The report format is designed for quick scanning. Domains with all-green status collapse into a single "40 domains healthy" line. Only domains with warnings or action items are expanded with details. This keeps the Monday report from becoming a wall of text that nobody reads -- it shows exactly what needs attention and nothing else.

Real-World Example

The monitoring pays for itself the following week. A developer is configuring a test environment and accidentally updates the production CNAME for api.example.com instead of the staging record. The automated check runs 30 minutes later, detects the DNS drift, and fires a Slack alert: "api.example.com CNAME changed from lb.example.com to test-lb.example.com."

Jun reverts the change before any customer notices. Without monitoring, the team would have discovered this when API calls started failing -- probably during peak traffic, probably after 30 minutes of debugging whether the issue was in the application code, the load balancer, or the DNS layer.

Over the following quarter, the monitoring catches 2 more accidental DNS changes, auto-alerts on 4 SSL certificates approaching expiration (all renewed during business hours instead of over a weekend), and flags the acquired company's domain that was 45 days from expiring with no valid renewal contact. That domain hosted a critical OAuth callback URL -- losing it would have broken authentication for hundreds of users of the acquired product.

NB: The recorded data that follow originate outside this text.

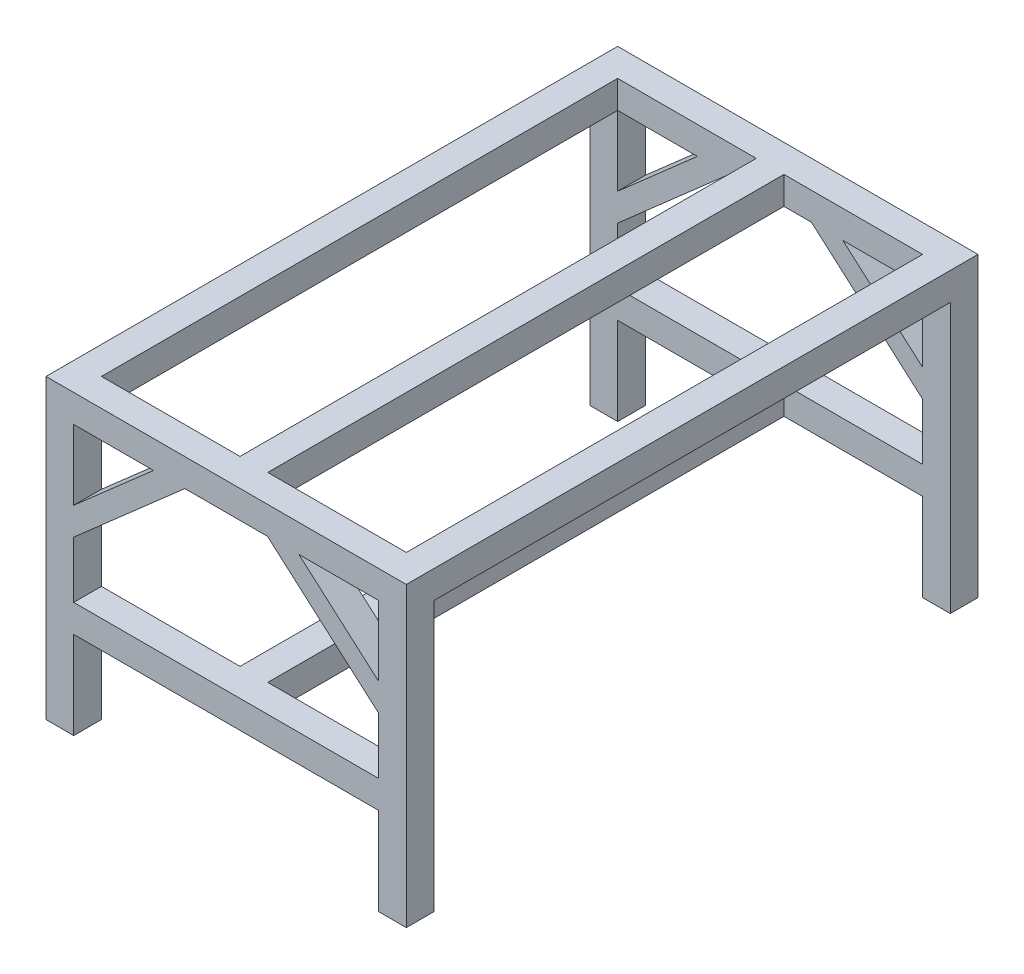
SolidWorks part; units mm, degrees
ref_plane "Front Plane" through (0, 0, 0) normal (0, 0, 1) x (1, 0, 0)
ref_plane "Top Plane" through (0, 0, 0) normal (0, 1, 0) x (1, 0, 0)
ref_plane "Right Plane" through (0, 0, 0) normal (1, 0, 0) x (0, 0, -1)
sketch "Sketch1" plane through (0, 0, 0) normal (0, 0, 1) x (1, 0, 0)
  line L0 (0, 0) -> (1040, 0)
  line L1 (639.2329, -80) -> (960, -361.6709)
  line L2 (960, -282.0611) -> (729.8927, -80)
  line L3 (960, -857.8) -> (960, -80)
  line L4 (960, -80) -> (80, -80)
  line L5 (80, -524.8) -> (960, -524.8)
  line L6 (0, 0) -> (0, -857.8)
  line L7 (0, -857.8) -> (80, -857.8)
  line L8 (80, -857.8) -> (80, -80)
  line L9 (80, -282.0611) -> (310.1073, -80)
  line L10 (400.7671, -80) -> (80, -361.6709)
  line L11 (520, -88.6285) -> (520, 45.2734) construction
  line L12 (1040, -857.8) -> (960, -857.8)
  line L13 (1040, 0) -> (1040, -857.8)
  line L14 (80, -604.8) -> (960, -604.8)
  line L19 (1683.668, -404.8) -> (-735.428, -404.8) construction
  point P16 (520, 0)
  point P23 (520, -80)
  dimension "D1" = 857.8
  dimension "D2" = 1040
  dimension "D3" = 80
  dimension "D4" = 80
  dimension "D5" = 80
  dimension "D6" = 200
extrude "Boss-Extrude1" add sketch "Sketch1" against normal blind 80 contours L4 L11 L0 L6 L7 L8 | L10 L4 L9 L8 | L2 L4 L1 L3 | L11 L4 L3 L12 L13 L0 | L8 L14 L3 L5
sketch "Sketch2" plane through (0, 0, -80) normal (0, 0, -1) x (-1, 0, 0)
  line L1 (-1040, 0) -> (-960, 0)
  line L2 (-1040, 0) -> (-1040, -80)
  line L3 (-1040, -80) -> (-960, -80)
  line L4 (-960, 0) -> (-960, -80)
  line L5 (-80, -80) -> (0, -80)
  line L6 (-80, -80) -> (-80, 0)
  line L7 (-80, 0) -> (0, 0)
  line L8 (0, -80) -> (0, 0)
  line L9 (-560, -524.8) -> (-480, -524.8)
  line L10 (-560, -524.8) -> (-560, -604.8)
  line L11 (-560, -604.8) -> (-480, -604.8)
  line L12 (-480, -524.8) -> (-480, -604.8)
  line L13 (-80, -604.8) -> (-960, -604.8) construction
  line L14 (-80, -524.8) -> (-960, -524.8) construction
  line L15 (-960, -524.8) -> (-960, -361.6709) construction
  line L17 (-639.2329, -80) -> (-400.7671, -80) construction
  line L18 (-480, -80) -> (-560, -80)
  line L19 (-480, -80) -> (-480, 0)
  line L20 (-480, 0) -> (-560, 0)
  line L21 (-560, -80) -> (-560, 0)
  line L22 (0, 0) -> (-1040, 0) construction
  dimension "D1" = 80
  dimension "D2" = 400
extrude "Boss-Extrude2" add sketch "Sketch2" along normal blind 790
ref_plane "Plane2" through (0, 0, -825) normal (0, 0, 1) x (1, 0, 0)
mirror "Mirror2" about plane through (0, 0, -825) normal (0, 0, 1) of "Boss-Extrude2"
mirror "Mirror3" about plane through (0, 0, -825) normal (0, 0, 1) of "Boss-Extrude1"

The CEO stops getting surprised by domain expiration notices. Jun has confidence that the 40-domain portfolio is under control. And when the acquired company's old infrastructure gets decommissioned, the weekly report clearly shows which subdomains still point to it and need to be updated -- no last-minute scramble, no missed records.

The total setup took a few hours. The monitoring runs itself. The alternative -- discovering DNS problems from customer complaints and security scanners -- costs orders of magnitude more in engineering time, customer trust, and stress.